You can directly import common data models, terminology sources or data dictionaries for harmonization directly from a csv, tsv or excel file. An example how to match two seperate variable descriptions is shown in datastew/scripts/mapping_excel_example.py:

from datastew.process.parsing import DataDictionarySource
from datastew.process.mapping import map_dictionary_to_dictionary

# Variable and description refer to the corresponding column names in your excel sheet
source = DataDictionarySource("source.xlxs", variable_field="var", description_field="desc")
target = DataDictionarySource("target.xlxs", variable_field="var", description_field="desc")

df = map_dictionary_to_dictionary(source, target)
df.to_excel("result.xlxs")

The resulting file contains the pairwise variable mapping based on the closest similarity for all possible matches as well as a similarity measure per row.

Configuration

Description Embeddings

You can configure INDEX to use either a local language model or call OPenAPIs embedding API. While using the OpenAI API is significantly faster, you will need to provide an API key that is linked to your OpenAI account.
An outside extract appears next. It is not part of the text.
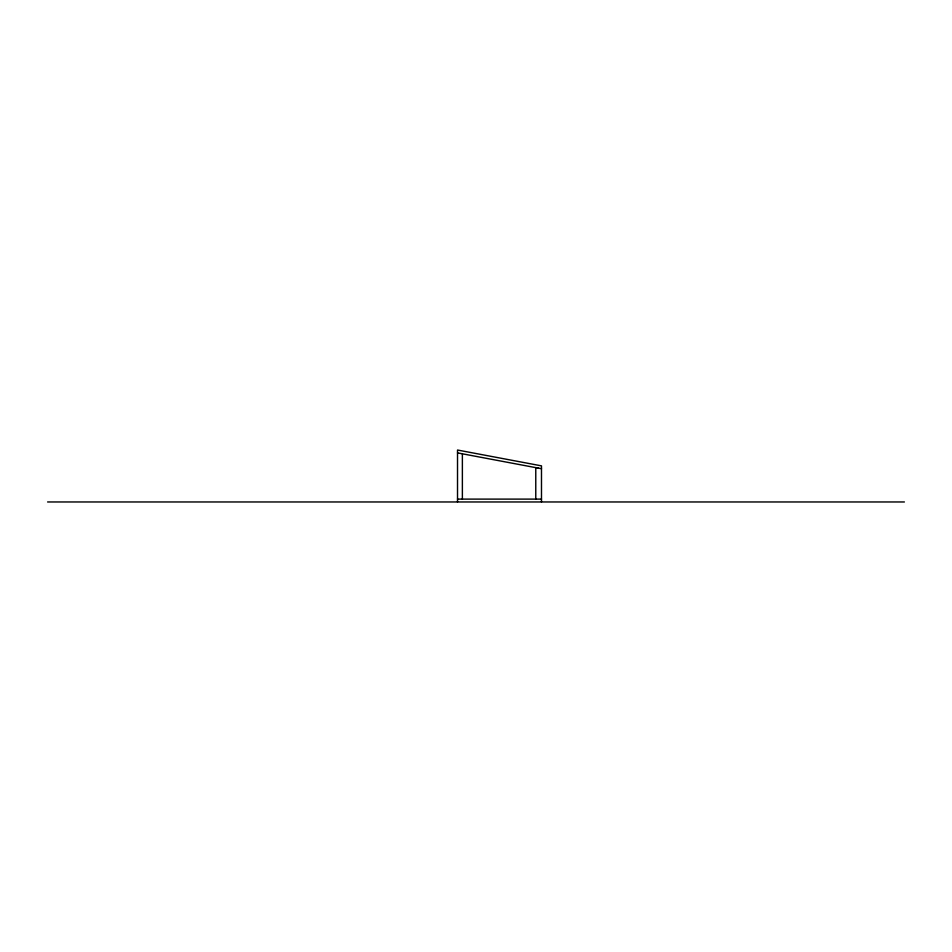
<?xml version="1.0" encoding="UTF-8"?>
<svg xmlns="http://www.w3.org/2000/svg" width="952" height="952" viewBox="0 0 952 952"><rect width="100%" height="100%" fill="white"/><g stroke="black" fill="none" stroke-linecap="round" stroke-linejoin="round"><path stroke-width="1.43" d="M457.519 499.11L541.486 499.11M47.6 501.966L904.4 501.966M538.63 468.17L535.774 467.646L535.774 499.11M457.519 452.89L541.486 468.717M541.486 501.966L541.486 465.861L457.519 450.034L457.519 501.966M462.375 453.795L462.375 499.11"/></g></svg>

Currently, the following local models are implemented:

The API will default to use a local embedding model. You can adjust the model loaded on start up in the configurations.

Database

INDEX will by default store mappings in a file based db file in the index/db dir. For testing purposes the initial SQLLite file based db contains a few of mappings to concepts in SNOMED CT. All available database adapter implementations can be found in index/repository.

To exchange the DB implementation, load your custom DB adapter or pre-saved file-based DB file on application startup here. The same can be done for any other embedding model.